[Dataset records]
◆ ◆ ◆
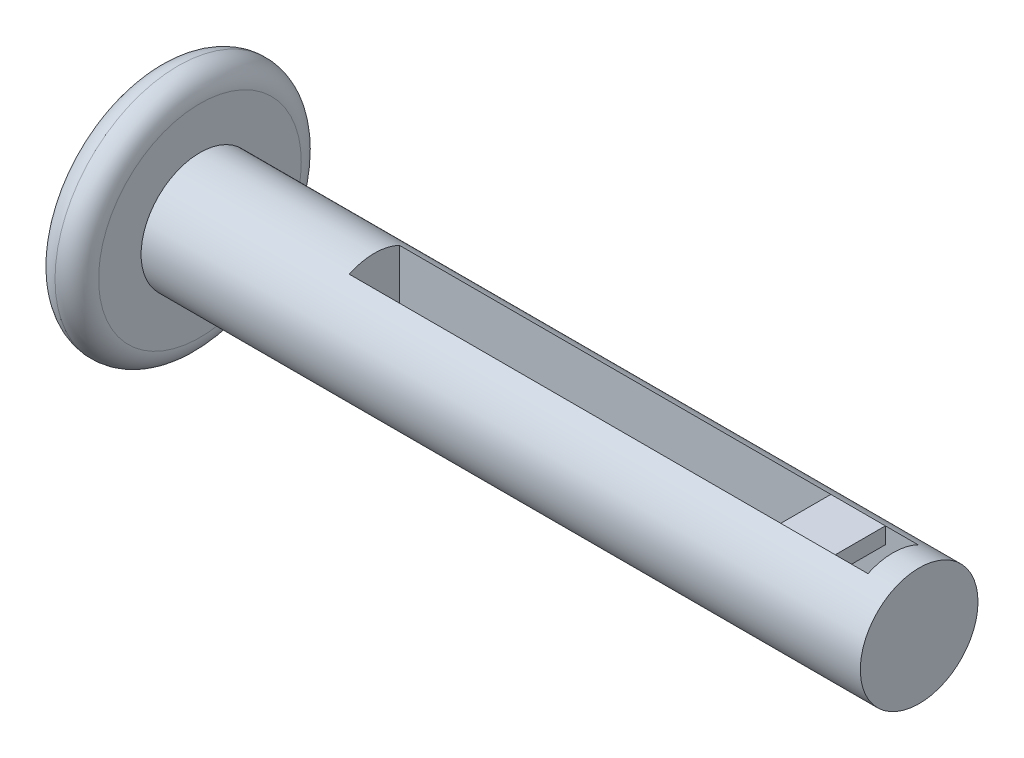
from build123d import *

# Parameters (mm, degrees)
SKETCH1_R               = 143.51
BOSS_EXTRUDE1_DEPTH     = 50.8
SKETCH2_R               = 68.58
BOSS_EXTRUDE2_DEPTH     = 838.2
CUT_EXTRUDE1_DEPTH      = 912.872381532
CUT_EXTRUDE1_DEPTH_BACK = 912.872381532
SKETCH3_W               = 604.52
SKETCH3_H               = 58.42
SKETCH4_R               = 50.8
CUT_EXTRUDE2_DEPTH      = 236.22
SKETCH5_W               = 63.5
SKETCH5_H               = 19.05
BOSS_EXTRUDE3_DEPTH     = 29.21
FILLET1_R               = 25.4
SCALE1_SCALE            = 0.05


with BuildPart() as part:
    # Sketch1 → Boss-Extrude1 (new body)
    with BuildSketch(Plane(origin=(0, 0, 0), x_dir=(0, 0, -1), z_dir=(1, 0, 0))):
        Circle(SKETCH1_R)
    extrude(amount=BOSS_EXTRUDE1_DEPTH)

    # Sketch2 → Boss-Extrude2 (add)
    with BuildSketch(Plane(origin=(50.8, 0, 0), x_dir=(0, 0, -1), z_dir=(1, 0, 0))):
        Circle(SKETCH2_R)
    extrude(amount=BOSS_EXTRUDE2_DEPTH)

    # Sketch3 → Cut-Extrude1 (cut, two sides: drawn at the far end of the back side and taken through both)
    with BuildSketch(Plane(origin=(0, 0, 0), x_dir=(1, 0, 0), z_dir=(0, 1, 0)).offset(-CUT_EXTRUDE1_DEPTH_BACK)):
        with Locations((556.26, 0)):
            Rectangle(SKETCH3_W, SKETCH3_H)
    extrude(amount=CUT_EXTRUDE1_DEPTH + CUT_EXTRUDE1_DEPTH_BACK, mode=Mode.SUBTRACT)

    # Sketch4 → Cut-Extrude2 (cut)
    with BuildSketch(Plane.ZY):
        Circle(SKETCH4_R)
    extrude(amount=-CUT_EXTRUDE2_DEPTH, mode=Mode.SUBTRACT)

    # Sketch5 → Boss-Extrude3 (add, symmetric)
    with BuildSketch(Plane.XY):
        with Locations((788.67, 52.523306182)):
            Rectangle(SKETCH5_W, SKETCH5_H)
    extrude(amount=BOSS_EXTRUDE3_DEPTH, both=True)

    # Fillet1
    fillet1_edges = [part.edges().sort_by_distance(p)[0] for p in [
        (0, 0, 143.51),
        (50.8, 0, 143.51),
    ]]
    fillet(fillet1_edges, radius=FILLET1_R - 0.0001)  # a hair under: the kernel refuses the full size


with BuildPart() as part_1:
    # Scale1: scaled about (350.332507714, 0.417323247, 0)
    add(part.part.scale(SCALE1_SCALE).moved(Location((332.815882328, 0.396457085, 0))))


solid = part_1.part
◆ ◆ ◆
| EXERCISE BRIEF |
Copy every record exactly as written, leaving out the pictures.

| ANSWER BOX |
from build123d import *

# Parameters (mm, degrees)
SKETCH1_R               = 143.51
BOSS_EXTRUDE1_DEPTH     = 50.8
SKETCH2_R               = 68.58
BOSS_EXTRUDE2_DEPTH     = 838.2
CUT_EXTRUDE1_DEPTH      = 912.872381532
CUT_EXTRUDE1_DEPTH_BACK = 912.872381532
SKETCH3_W               = 604.52
SKETCH3_H               = 58.42
SKETCH4_R               = 50.8
CUT_EXTRUDE2_DEPTH      = 236.22
SKETCH5_W               = 63.5
SKETCH5_H               = 19.05
BOSS_EXTRUDE3_DEPTH     = 29.21
FILLET1_R               = 25.4
SCALE1_SCALE            = 0.05


with BuildPart() as part:
    # Sketch1 → Boss-Extrude1 (new body)
    with BuildSketch(Plane(origin=(0, 0, 0), x_dir=(0, 0, -1), z_dir=(1, 0, 0))):
        Circle(SKETCH1_R)
    extrude(amount=BOSS_EXTRUDE1_DEPTH)

    # Sketch2 → Boss-Extrude2 (add)
    with BuildSketch(Plane(origin=(50.8, 0, 0), x_dir=(0, 0, -1), z_dir=(1, 0, 0))):
        Circle(SKETCH2_R)
    extrude(amount=BOSS_EXTRUDE2_DEPTH)

    # Sketch3 → Cut-Extrude1 (cut, two sides: drawn at the far end of the back side and taken through both)
    with BuildSketch(Plane(origin=(0, 0, 0), x_dir=(1, 0, 0), z_dir=(0, 1, 0)).offset(-CUT_EXTRUDE1_DEPTH_BACK)):
        with Locations((556.26, 0)):
            Rectangle(SKETCH3_W, SKETCH3_H)
    extrude(amount=CUT_EXTRUDE1_DEPTH + CUT_EXTRUDE1_DEPTH_BACK, mode=Mode.SUBTRACT)

    # Sketch4 → Cut-Extrude2 (cut)
    with BuildSketch(Plane.ZY):
        Circle(SKETCH4_R)
    extrude(amount=-CUT_EXTRUDE2_DEPTH, mode=Mode.SUBTRACT)

    # Sketch5 → Boss-Extrude3 (add, symmetric)
    with BuildSketch(Plane.XY):
        with Locations((788.67, 52.523306182)):
            Rectangle(SKETCH5_W, SKETCH5_H)
    extrude(amount=BOSS_EXTRUDE3_DEPTH, both=True)

    # Fillet1
    fillet1_edges = [part.edges().sort_by_distance(p)[0] for p in [
        (0, 0, 143.51),
        (50.8, 0, 143.51),
    ]]
    fillet(fillet1_edges, radius=FILLET1_R - 0.0001)  # a hair under: the kernel refuses the full size


with BuildPart() as part_1:
    # Scale1: scaled about (350.332507714, 0.417323247, 0)
    add(part.part.scale(SCALE1_SCALE).moved(Location((332.815882328, 0.396457085, 0))))


solid = part_1.part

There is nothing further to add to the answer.